Nach langer Zeit habe ich wieder mal in Etty Hillesums "Das denkende Herz" geblättert. Das ist ein eindrückliches Tagebuch über das Leben einer erwachsenen Jüdin in Hitlerdeutschland, kurz bevor sie und ihre Familie deportiert wurden. 

Mich hat in diesem Buch vor allem eines fasziniert: Dass die Autorin oder genauer: die Erzählstimme sich als "durch und durch gesund" bezeichnet, trotz der ständigen Anfeindungen und Bedrohungen, denen sie ausgesetzt ist. Das ist faszinierend. Wie schafft man es, unter krankmachenden Bedingungen doch noch gesund zu bleiben? Und zwar "durch und durch gesund"? Das heisst: Wie muss ein Ich beschaffen sein, dass es diesen Schutzraum in sich aufbauen kann, ohne sich darin einzubunkern und sich gänzlich von der Aussenwelt zu isolieren?
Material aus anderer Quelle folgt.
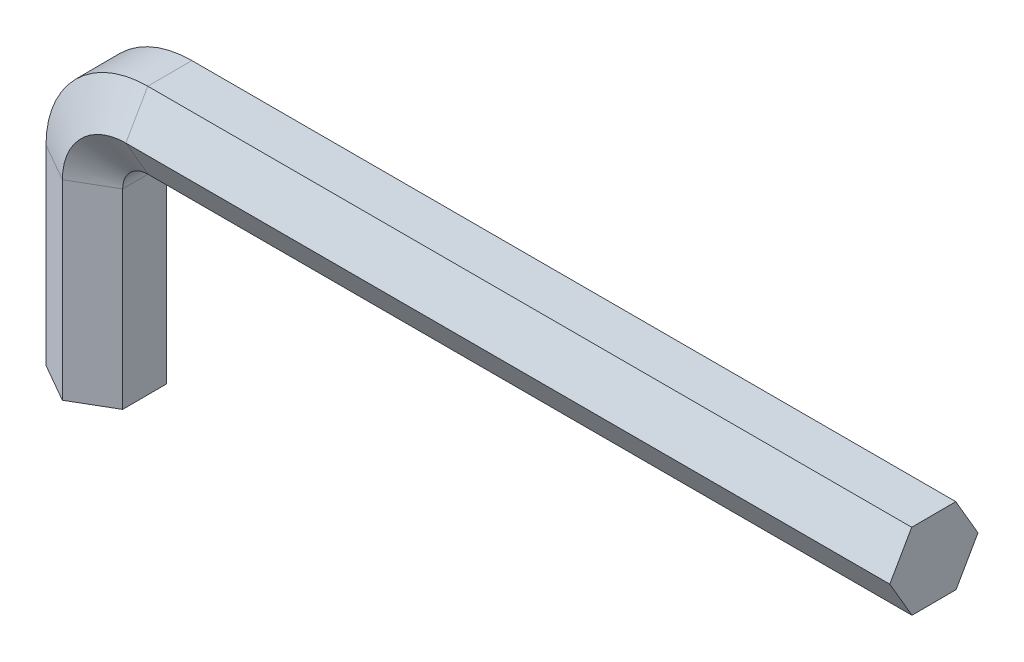
ISO-10303-21;
HEADER;
FILE_DESCRIPTION(('STEP AP214'),'2;1');
FILE_NAME('part.step','',(''),(''),'','','');
FILE_SCHEMA(('AUTOMOTIVE_DESIGN { 1 0 10303 214 1 1 1 1 }'));
ENDSEC;
DATA;
#1=APPLICATION_CONTEXT('core data for automotive mechanical design processes');
#2=APPLICATION_PROTOCOL_DEFINITION('international standard','automotive_design',2000,#1);
#3=PRODUCT_CONTEXT('',#1,'mechanical');
#4=PRODUCT('Part','Part','',(#3));
#5=PRODUCT_RELATED_PRODUCT_CATEGORY('part','',(#4));
#6=PRODUCT_DEFINITION_FORMATION('','',#4);
#7=PRODUCT_DEFINITION_CONTEXT('part definition',#1,'design');
#8=PRODUCT_DEFINITION('design','',#6,#7);
#9=PRODUCT_DEFINITION_SHAPE('','',#8);
#10=(LENGTH_UNIT() NAMED_UNIT(*) SI_UNIT(.MILLI.,.METRE.));
#11=(NAMED_UNIT(*) PLANE_ANGLE_UNIT() SI_UNIT($,.RADIAN.));
#12=(NAMED_UNIT(*) SI_UNIT($,.STERADIAN.) SOLID_ANGLE_UNIT());
#13=UNCERTAINTY_MEASURE_WITH_UNIT(LENGTH_MEASURE(1.E-05),#10,'distance_accuracy_value','');
#14=(GEOMETRIC_REPRESENTATION_CONTEXT(3) GLOBAL_UNCERTAINTY_ASSIGNED_CONTEXT((#13)) GLOBAL_UNIT_ASSIGNED_CONTEXT((#10,
#11,#12)) REPRESENTATION_CONTEXT('',''));
#15=CARTESIAN_POINT('',(0.,0.,0.));
#16=DIRECTION('',(0.,0.,1.));
#17=DIRECTION('',(1.,0.,0.));
#18=AXIS2_PLACEMENT_3D('',#15,#16,#17);
#19=CARTESIAN_POINT('',(0.,0.,0.));
#20=DIRECTION('',(-1.,0.,0.));
#21=DIRECTION('',(0.,-1.,0.));
#22=AXIS2_PLACEMENT_3D('',#19,#20,#21);
#23=PLANE('',#22);
#24=DIRECTION('',(0.,-0.00375398085830022,0.999992953789033));
#25=VECTOR('',#24,1.);
#26=CARTESIAN_POINT('',(0.,-2.99347677578988,-1.74330054574838));
#27=LINE('',#26,#25);
#28=CARTESIAN_POINT('',(0.,-2.99347677578988,-1.74330054574838));
#29=VERTEX_POINT('',#28);
#30=CARTESIAN_POINT('',(0.,-3.00648094694432,1.72077666059858));
#31=VERTEX_POINT('',#30);
#32=EDGE_CURVE('E187',#29,#31,#27,.T.);
#33=ORIENTED_EDGE('',*,*,#32,.F.);
#34=DIRECTION('',(0.,-0.867896292015891,0.496745434105908));
#35=VECTOR('',#34,1.);
#36=CARTESIAN_POINT('',(0.,0.0130041711544332,-3.46407720634696));
#37=LINE('',#36,#35);
#38=CARTESIAN_POINT('',(0.,0.0130041711544332,-3.46407720634696));
#39=VERTEX_POINT('',#38);
#40=EDGE_CURVE('E229',#39,#29,#37,.T.);
#41=ORIENTED_EDGE('',*,*,#40,.F.);
#42=DIRECTION('',(0.,-0.864142311157591,-0.503247519683125));
#43=VECTOR('',#42,1.);
#44=CARTESIAN_POINT('',(0.,3.00648094694432,-1.72077666059858));
#45=LINE('',#44,#43);
#46=CARTESIAN_POINT('',(0.,3.00648094694432,-1.72077666059858));
#47=VERTEX_POINT('',#46);
#48=EDGE_CURVE('E216',#47,#39,#45,.T.);
#49=ORIENTED_EDGE('',*,*,#48,.F.);
#50=DIRECTION('',(0.,0.00375398085829997,-0.999992953789033));
#51=VECTOR('',#50,1.);
#52=CARTESIAN_POINT('',(0.,2.99347677578988,1.74330054574838));
#53=LINE('',#52,#51);
#54=CARTESIAN_POINT('',(0.,2.99347677578988,1.74330054574838));
#55=VERTEX_POINT('',#54);
#56=EDGE_CURVE('E139',#55,#47,#53,.T.);
#57=ORIENTED_EDGE('',*,*,#56,.F.);
#58=DIRECTION('',(0.,0.867896292015891,-0.496745434105908));
#59=VECTOR('',#58,1.);
#60=CARTESIAN_POINT('',(0.,-0.0130041711544324,3.46407720634696));
#61=LINE('',#60,#59);
#62=CARTESIAN_POINT('',(0.,-0.0130041711544324,3.46407720634696));
#63=VERTEX_POINT('',#62);
#64=EDGE_CURVE('E143',#63,#55,#61,.T.);
#65=ORIENTED_EDGE('',*,*,#64,.F.);
#66=DIRECTION('',(0.,0.864142311157591,0.503247519683125));
#67=VECTOR('',#66,1.);
#68=CARTESIAN_POINT('',(0.,-3.00648094694432,1.72077666059858));
#69=LINE('',#68,#67);
#70=EDGE_CURVE('E148',#31,#63,#69,.T.);
#71=ORIENTED_EDGE('',*,*,#70,.F.);
#72=EDGE_LOOP('',(#33,#41,#49,#57,#65,#71));
#73=FACE_BOUND('',#72,.T.);
#74=ADVANCED_FACE('F38',(#73),#23,.F.);
#75=CARTESIAN_POINT('',(-65.,-20.,0.));
#76=DIRECTION('',(0.,-1.,0.));
#77=DIRECTION('',(1.,0.,0.));
#78=AXIS2_PLACEMENT_3D('',#75,#76,#77);
#79=PLANE('',#78);
#80=DIRECTION('',(0.00375398085830022,0.,0.999992953789033));
#81=VECTOR('',#80,1.);
#82=CARTESIAN_POINT('',(-62.0065232242101,-20.,-1.74330054574838));
#83=LINE('',#82,#81);
#84=CARTESIAN_POINT('',(-62.0065232242101,-20.,-1.74330054574838));
#85=VERTEX_POINT('',#84);
#86=CARTESIAN_POINT('',(-61.9935190530557,-20.,1.72077666059858));
#87=VERTEX_POINT('',#86);
#88=EDGE_CURVE('E159',#85,#87,#83,.T.);
#89=ORIENTED_EDGE('',*,*,#88,.T.);
#90=DIRECTION('',(-0.864142311157591,0.,0.503247519683125));
#91=VECTOR('',#90,1.);
#92=CARTESIAN_POINT('',(-61.9935190530557,-20.,1.72077666059858));
#93=LINE('',#92,#91);
#94=CARTESIAN_POINT('',(-64.9869958288456,-20.,3.46407720634696));
#95=VERTEX_POINT('',#94);
#96=EDGE_CURVE('E162',#87,#95,#93,.T.);
#97=ORIENTED_EDGE('',*,*,#96,.T.);
#98=DIRECTION('',(-0.867896292015891,0.,-0.496745434105908));
#99=VECTOR('',#98,1.);
#100=CARTESIAN_POINT('',(-64.9869958288456,-20.,3.46407720634696));
#101=LINE('',#100,#99);
#102=CARTESIAN_POINT('',(-67.9934767757899,-20.,1.74330054574838));
#103=VERTEX_POINT('',#102);
#104=EDGE_CURVE('E202',#95,#103,#101,.T.);
#105=ORIENTED_EDGE('',*,*,#104,.T.);
#106=DIRECTION('',(-0.00375398085829997,0.,-0.999992953789033));
#107=VECTOR('',#106,1.);
#108=CARTESIAN_POINT('',(-67.9934767757899,-20.,1.74330054574838));
#109=LINE('',#108,#107);
#110=CARTESIAN_POINT('',(-68.0064809469443,-20.,-1.72077666059858));
#111=VERTEX_POINT('',#110);
#112=EDGE_CURVE('E57',#103,#111,#109,.T.);
#113=ORIENTED_EDGE('',*,*,#112,.T.);
#114=DIRECTION('',(0.864142311157591,0.,-0.503247519683125));
#115=VECTOR('',#114,1.);
#116=CARTESIAN_POINT('',(-68.0064809469443,-20.,-1.72077666059858));
#117=LINE('',#116,#115);
#118=CARTESIAN_POINT('',(-65.0130041711544,-20.,-3.46407720634696));
#119=VERTEX_POINT('',#118);
#120=EDGE_CURVE('E51',#111,#119,#117,.T.);
#121=ORIENTED_EDGE('',*,*,#120,.T.);
#122=DIRECTION('',(0.867896292015891,0.,0.496745434105908));
#123=VECTOR('',#122,1.);
#124=CARTESIAN_POINT('',(-65.0130041711544,-20.,-3.46407720634696));
#125=LINE('',#124,#123);
#126=EDGE_CURVE('E11',#119,#85,#125,.T.);
#127=ORIENTED_EDGE('',*,*,#126,.T.);
#128=EDGE_LOOP('',(#89,#97,#105,#113,#121,#127));
#129=FACE_BOUND('',#128,.T.);
#130=ADVANCED_FACE('F161',(#129),#79,.T.);
#131=CARTESIAN_POINT('',(0.,-2.99347677578988,-1.74330054574838));
#132=DIRECTION('',(0.,-0.999992953789033,-0.00375398085830022));
#133=DIRECTION('',(0.,0.00375398085830022,-0.999992953789033));
#134=AXIS2_PLACEMENT_3D('',#131,#132,#133);
#135=PLANE('',#134);
#136=DIRECTION('',(-1.,0.,0.));
#137=VECTOR('',#136,1.);
#138=CARTESIAN_POINT('',(0.,-3.00648094694432,1.72077666059858));
#139=LINE('',#138,#137);
#140=CARTESIAN_POINT('',(-60.,-3.00648094694432,1.72077666059858));
#141=VERTEX_POINT('',#140);
#142=EDGE_CURVE('E192',#31,#141,#139,.T.);
#143=ORIENTED_EDGE('',*,*,#142,.T.);
#144=DIRECTION('',(0.,-0.00375398085830022,0.999992953789033));
#145=VECTOR('',#144,1.);
#146=CARTESIAN_POINT('',(-60.,-2.99347677578989,-1.74330054574838));
#147=LINE('',#146,#145);
#148=CARTESIAN_POINT('',(-60.,-2.99347677578989,-1.74330054574838));
#149=VERTEX_POINT('',#148);
#150=EDGE_CURVE('E261',#149,#141,#147,.T.);
#151=ORIENTED_EDGE('',*,*,#150,.F.);
#152=DIRECTION('',(-1.,0.,0.));
#153=VECTOR('',#152,1.);
#154=CARTESIAN_POINT('',(0.,-2.99347677578988,-1.74330054574838));
#155=LINE('',#154,#153);
#156=EDGE_CURVE('E243',#29,#149,#155,.T.);
#157=ORIENTED_EDGE('',*,*,#156,.F.);
#158=ORIENTED_EDGE('',*,*,#32,.T.);
#159=EDGE_LOOP('',(#143,#151,#157,#158));
#160=FACE_BOUND('',#159,.T.);
#161=ADVANCED_FACE('F268',(#160),#135,.T.);
#162=CARTESIAN_POINT('',(0.,-3.00648094694432,1.72077666059858));
#163=DIRECTION('',(0.,-0.503247519683125,0.864142311157591));
#164=DIRECTION('',(0.,-0.864142311157591,-0.503247519683125));
#165=AXIS2_PLACEMENT_3D('',#162,#163,#164);
#166=PLANE('',#165);
#167=DIRECTION('',(-1.,0.,0.));
#168=VECTOR('',#167,1.);
#169=CARTESIAN_POINT('',(0.,-0.0130041711544324,3.46407720634696));
#170=LINE('',#169,#168);
#171=CARTESIAN_POINT('',(-60.,-0.0130041711544398,3.46407720634696));
#172=VERTEX_POINT('',#171);
#173=EDGE_CURVE('E191',#63,#172,#170,.T.);
#174=ORIENTED_EDGE('',*,*,#173,.T.);
#175=DIRECTION('',(0.,0.864142311157591,0.503247519683125));
#176=VECTOR('',#175,1.);
#177=CARTESIAN_POINT('',(-60.,-3.00648094694432,1.72077666059858));
#178=LINE('',#177,#176);
#179=EDGE_CURVE('E188',#141,#172,#178,.T.);
#180=ORIENTED_EDGE('',*,*,#179,.F.);
#181=ORIENTED_EDGE('',*,*,#142,.F.);
#182=ORIENTED_EDGE('',*,*,#70,.T.);
#183=EDGE_LOOP('',(#174,#180,#181,#182));
#184=FACE_BOUND('',#183,.T.);
#185=ADVANCED_FACE('F271',(#184),#166,.T.);
#186=CARTESIAN_POINT('',(0.,-0.0130041711544324,3.46407720634696));
#187=DIRECTION('',(0.,0.496745434105908,0.867896292015891));
#188=DIRECTION('',(0.,-0.867896292015891,0.496745434105908));
#189=AXIS2_PLACEMENT_3D('',#186,#187,#188);
#190=PLANE('',#189);
#191=DIRECTION('',(-1.,0.,0.));
#192=VECTOR('',#191,1.);
#193=CARTESIAN_POINT('',(0.,2.99347677578988,1.74330054574838));
#194=LINE('',#193,#192);
#195=CARTESIAN_POINT('',(-60.,2.99347677578988,1.74330054574838));
#196=VERTEX_POINT('',#195);
#197=EDGE_CURVE('E205',#55,#196,#194,.T.);
#198=ORIENTED_EDGE('',*,*,#197,.T.);
#199=DIRECTION('',(0.,0.867896292015891,-0.496745434105908));
#200=VECTOR('',#199,1.);
#201=CARTESIAN_POINT('',(-60.,-0.0130041711544398,3.46407720634696));
#202=LINE('',#201,#200);
#203=EDGE_CURVE('E195',#172,#196,#202,.T.);
#204=ORIENTED_EDGE('',*,*,#203,.F.);
#205=ORIENTED_EDGE('',*,*,#173,.F.);
#206=ORIENTED_EDGE('',*,*,#64,.T.);
#207=EDGE_LOOP('',(#198,#204,#205,#206));
#208=FACE_BOUND('',#207,.T.);
#209=ADVANCED_FACE('F328',(#208),#190,.T.);
#210=CARTESIAN_POINT('',(0.,2.99347677578988,1.74330054574838));
#211=DIRECTION('',(0.,0.999992953789033,0.00375398085829997));
#212=DIRECTION('',(0.,-0.00375398085829997,0.999992953789033));
#213=AXIS2_PLACEMENT_3D('',#210,#211,#212);
#214=PLANE('',#213);
#215=DIRECTION('',(-1.,0.,0.));
#216=VECTOR('',#215,1.);
#217=CARTESIAN_POINT('',(0.,3.00648094694432,-1.72077666059858));
#218=LINE('',#217,#216);
#219=CARTESIAN_POINT('',(-60.,3.00648094694431,-1.72077666059858));
#220=VERTEX_POINT('',#219);
#221=EDGE_CURVE('E218',#47,#220,#218,.T.);
#222=ORIENTED_EDGE('',*,*,#221,.T.);
#223=DIRECTION('',(0.,0.00375398085829997,-0.999992953789033));
#224=VECTOR('',#223,1.);
#225=CARTESIAN_POINT('',(-60.,2.99347677578988,1.74330054574838));
#226=LINE('',#225,#224);
#227=EDGE_CURVE('E208',#196,#220,#226,.T.);
#228=ORIENTED_EDGE('',*,*,#227,.F.);
#229=ORIENTED_EDGE('',*,*,#197,.F.);
#230=ORIENTED_EDGE('',*,*,#56,.T.);
#231=EDGE_LOOP('',(#222,#228,#229,#230));
#232=FACE_BOUND('',#231,.T.);
#233=ADVANCED_FACE('F337',(#232),#214,.T.);
#234=CARTESIAN_POINT('',(0.,3.00648094694432,-1.72077666059858));
#235=DIRECTION('',(0.,0.503247519683125,-0.864142311157591));
#236=DIRECTION('',(0.,0.864142311157591,0.503247519683125));
#237=AXIS2_PLACEMENT_3D('',#234,#235,#236);
#238=PLANE('',#237);
#239=DIRECTION('',(-1.,0.,0.));
#240=VECTOR('',#239,1.);
#241=CARTESIAN_POINT('',(0.,0.0130041711544332,-3.46407720634696));
#242=LINE('',#241,#240);
#243=CARTESIAN_POINT('',(-60.,0.0130041711544258,-3.46407720634696));
#244=VERTEX_POINT('',#243);
#245=EDGE_CURVE('E231',#39,#244,#242,.T.);
#246=ORIENTED_EDGE('',*,*,#245,.T.);
#247=DIRECTION('',(0.,-0.864142311157591,-0.503247519683125));
#248=VECTOR('',#247,1.);
#249=CARTESIAN_POINT('',(-60.,3.00648094694431,-1.72077666059858));
#250=LINE('',#249,#248);
#251=EDGE_CURVE('E221',#220,#244,#250,.T.);
#252=ORIENTED_EDGE('',*,*,#251,.F.);
#253=ORIENTED_EDGE('',*,*,#221,.F.);
#254=ORIENTED_EDGE('',*,*,#48,.T.);
#255=EDGE_LOOP('',(#246,#252,#253,#254));
#256=FACE_BOUND('',#255,.T.);
#257=ADVANCED_FACE('F348',(#256),#238,.T.);
#258=CARTESIAN_POINT('',(0.,0.0130041711544332,-3.46407720634696));
#259=DIRECTION('',(0.,-0.496745434105908,-0.867896292015891));
#260=DIRECTION('',(0.,0.867896292015891,-0.496745434105908));
#261=AXIS2_PLACEMENT_3D('',#258,#259,#260);
#262=PLANE('',#261);
#263=DIRECTION('',(0.,-0.867896292015891,0.496745434105908));
#264=VECTOR('',#263,1.);
#265=CARTESIAN_POINT('',(-60.,0.0130041711544258,-3.46407720634696));
#266=LINE('',#265,#264);
#267=EDGE_CURVE('E234',#244,#149,#266,.T.);
#268=ORIENTED_EDGE('',*,*,#267,.F.);
#269=ORIENTED_EDGE('',*,*,#245,.F.);
#270=ORIENTED_EDGE('',*,*,#40,.T.);
#271=ORIENTED_EDGE('',*,*,#156,.T.);
#272=EDGE_LOOP('',(#268,#269,#270,#271));
#273=FACE_BOUND('',#272,.T.);
#274=ADVANCED_FACE('F284',(#273),#262,.T.);
#275=CARTESIAN_POINT('',(-60.,-5.00000000000001,-1.74330054574838));
#276=DIRECTION('',(0.,0.,-1.));
#277=DIRECTION('',(-1.,0.,0.));
#278=AXIS2_PLACEMENT_3D('',#275,#276,#277);
#279=CONICAL_SURFACE('',#278,2.00652322421012,0.00375398967543877);
#280=CARTESIAN_POINT('',(-60.,-5.00000000000001,1.72077666059858));
#281=DIRECTION('',(0.,0.,1.));
#282=DIRECTION('',(0.,1.,0.));
#283=AXIS2_PLACEMENT_3D('',#280,#281,#282);
#284=CIRCLE('',#283,1.99351905305568);
#285=CARTESIAN_POINT('',(-61.9935190530557,-5.00000000000002,1.72077666059858));
#286=VERTEX_POINT('',#285);
#287=EDGE_CURVE('E198',#141,#286,#284,.T.);
#288=ORIENTED_EDGE('',*,*,#287,.T.);
#289=DIRECTION('',(0.00375398085830022,0.,0.999992953789033));
#290=VECTOR('',#289,1.);
#291=CARTESIAN_POINT('',(-62.0065232242101,-5.00000000000002,-1.74330054574838));
#292=LINE('',#291,#290);
#293=CARTESIAN_POINT('',(-62.0065232242101,-5.00000000000002,-1.74330054574838));
#294=VERTEX_POINT('',#293);
#295=EDGE_CURVE('E180',#294,#286,#292,.T.);
#296=ORIENTED_EDGE('',*,*,#295,.F.);
#297=CARTESIAN_POINT('',(-60.,-5.00000000000001,-1.74330054574838));
#298=DIRECTION('',(0.,0.,1.));
#299=DIRECTION('',(0.,1.,0.));
#300=AXIS2_PLACEMENT_3D('',#297,#298,#299);
#301=CIRCLE('',#300,2.00652322421012);
#302=EDGE_CURVE('E245',#149,#294,#301,.T.);
#303=ORIENTED_EDGE('',*,*,#302,.F.);
#304=ORIENTED_EDGE('',*,*,#150,.T.);
#305=EDGE_LOOP('',(#288,#296,#303,#304));
#306=FACE_BOUND('',#305,.T.);
#307=ADVANCED_FACE('F251',(#306),#279,.F.);
#308=CARTESIAN_POINT('',(-60.,-5.00000000000001,1.72077666059858));
#309=DIRECTION('',(0.,0.,1.));
#310=DIRECTION('',(1.,0.,0.));
#311=AXIS2_PLACEMENT_3D('',#308,#309,#310);
#312=CONICAL_SURFACE('',#311,1.99351905305568,1.04344356152116);
#313=CARTESIAN_POINT('',(-60.,-5.00000000000001,3.46407720634696));
#314=DIRECTION('',(0.,0.,1.));
#315=DIRECTION('',(0.,1.,0.));
#316=AXIS2_PLACEMENT_3D('',#313,#314,#315);
#317=CIRCLE('',#316,4.98699582884557);
#318=CARTESIAN_POINT('',(-64.9869958288456,-5.00000000000004,3.46407720634696));
#319=VERTEX_POINT('',#318);
#320=EDGE_CURVE('E126',#172,#319,#317,.T.);
#321=ORIENTED_EDGE('',*,*,#320,.T.);
#322=DIRECTION('',(-0.864142311157591,0.,0.503247519683125));
#323=VECTOR('',#322,1.);
#324=CARTESIAN_POINT('',(-61.9935190530557,-5.00000000000002,1.72077666059858));
#325=LINE('',#324,#323);
#326=EDGE_CURVE('E196',#286,#319,#325,.T.);
#327=ORIENTED_EDGE('',*,*,#326,.F.);
#328=ORIENTED_EDGE('',*,*,#287,.F.);
#329=ORIENTED_EDGE('',*,*,#179,.T.);
#330=EDGE_LOOP('',(#321,#327,#328,#329));
#331=FACE_BOUND('',#330,.T.);
#332=ADVANCED_FACE('F274',(#331),#312,.F.);
#333=CARTESIAN_POINT('',(-60.,-5.00000000000001,3.46407720634696));
#334=DIRECTION('',(0.,0.,-1.));
#335=DIRECTION('',(-1.,0.,0.));
#336=AXIS2_PLACEMENT_3D('',#333,#334,#335);
#337=CONICAL_SURFACE('',#336,4.98699582884557,1.05095154087204);
#338=CARTESIAN_POINT('',(-60.,-5.00000000000001,1.74330054574838));
#339=DIRECTION('',(0.,0.,1.));
#340=DIRECTION('',(0.,1.,0.));
#341=AXIS2_PLACEMENT_3D('',#338,#339,#340);
#342=CIRCLE('',#341,7.99347677578988);
#343=CARTESIAN_POINT('',(-67.9934767757899,-5.00000000000006,1.74330054574838));
#344=VERTEX_POINT('',#343);
#345=EDGE_CURVE('E117',#196,#344,#342,.T.);
#346=ORIENTED_EDGE('',*,*,#345,.T.);
#347=DIRECTION('',(-0.867896292015891,0.,-0.496745434105908));
#348=VECTOR('',#347,1.);
#349=CARTESIAN_POINT('',(-64.9869958288456,-5.00000000000004,3.46407720634696));
#350=LINE('',#349,#348);
#351=EDGE_CURVE('E199',#319,#344,#350,.T.);
#352=ORIENTED_EDGE('',*,*,#351,.F.);
#353=ORIENTED_EDGE('',*,*,#320,.F.);
#354=ORIENTED_EDGE('',*,*,#203,.T.);
#355=EDGE_LOOP('',(#346,#352,#353,#354));
#356=FACE_BOUND('',#355,.T.);
#357=ADVANCED_FACE('F276',(#356),#337,.T.);
#358=CARTESIAN_POINT('',(-60.,-5.00000000000001,1.74330054574838));
#359=DIRECTION('',(0.,0.,-1.));
#360=DIRECTION('',(-1.,0.,0.));
#361=AXIS2_PLACEMENT_3D('',#358,#359,#360);
#362=CONICAL_SURFACE('',#361,7.99347677578988,0.00375398967543801);
#363=CARTESIAN_POINT('',(-60.,-5.00000000000001,-1.72077666059858));
#364=DIRECTION('',(0.,0.,1.));
#365=DIRECTION('',(0.,1.,0.));
#366=AXIS2_PLACEMENT_3D('',#363,#364,#365);
#367=CIRCLE('',#366,8.00648094694431);
#368=CARTESIAN_POINT('',(-68.0064809469443,-5.00000000000006,-1.72077666059858));
#369=VERTEX_POINT('',#368);
#370=EDGE_CURVE('E110',#220,#369,#367,.T.);
#371=ORIENTED_EDGE('',*,*,#370,.T.);
#372=DIRECTION('',(-0.00375398085829997,0.,-0.999992953789033));
#373=VECTOR('',#372,1.);
#374=CARTESIAN_POINT('',(-67.9934767757899,-5.00000000000006,1.74330054574838));
#375=LINE('',#374,#373);
#376=EDGE_CURVE('E212',#344,#369,#375,.T.);
#377=ORIENTED_EDGE('',*,*,#376,.F.);
#378=ORIENTED_EDGE('',*,*,#345,.F.);
#379=ORIENTED_EDGE('',*,*,#227,.T.);
#380=EDGE_LOOP('',(#371,#377,#378,#379));
#381=FACE_BOUND('',#380,.T.);
#382=ADVANCED_FACE('F282',(#381),#362,.T.);
#383=CARTESIAN_POINT('',(-60.,-5.00000000000001,-1.72077666059858));
#384=DIRECTION('',(0.,0.,1.));
#385=DIRECTION('',(1.,0.,0.));
#386=AXIS2_PLACEMENT_3D('',#383,#384,#385);
#387=CONICAL_SURFACE('',#386,8.00648094694431,1.04344356152116);
#388=CARTESIAN_POINT('',(-60.,-5.00000000000001,-3.46407720634696));
#389=DIRECTION('',(0.,0.,1.));
#390=DIRECTION('',(0.,1.,0.));
#391=AXIS2_PLACEMENT_3D('',#388,#389,#390);
#392=CIRCLE('',#391,5.01300417115443);
#393=CARTESIAN_POINT('',(-65.0130041711544,-5.00000000000004,-3.46407720634696));
#394=VERTEX_POINT('',#393);
#395=EDGE_CURVE('E236',#244,#394,#392,.T.);
#396=ORIENTED_EDGE('',*,*,#395,.T.);
#397=DIRECTION('',(0.864142311157591,0.,-0.503247519683125));
#398=VECTOR('',#397,1.);
#399=CARTESIAN_POINT('',(-68.0064809469443,-5.00000000000006,-1.72077666059858));
#400=LINE('',#399,#398);
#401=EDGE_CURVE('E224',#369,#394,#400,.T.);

Bei Anne Frank spürt man die Quirligkeit und Ungeduld der heranwachsenden Jugendlichen. Sie lenkt sich im Amsterdamer Versteck ab, durch Büffeln, Tagebuchschreiben, Träumen und Erinnern. Hillesums Tagebuch ist von ganz anderer Art. Da kommt die erwachsene Besonnenheit zum Ausdruck, eine ruhige Nachdenklichkeit, die alles sieht und auch an sich heranlässt, aber die ganze Negativität fast augenblicklich in etwas Positives umwandelt. Da ist eine Frau, die innerlich nicht davonläuft, sondern bleibt und beobachtet. 

In der Szene mit dem fauchenden NS-Soldaten wird das besonders deutlich. Der Soldat schreit Etty an, als sie aus der Apotheke kommt. Juden hätten da nichts verloren usw. Und Etty haut nicht etwa zurück, sondern tritt in ihrem Tagebuch in einen inneren Dialog mit diesem Mann: "Hat dein Mädchen dich verlassen?" Sie möchte verstehen, wie es zu einer solchen Wut kommen kann. 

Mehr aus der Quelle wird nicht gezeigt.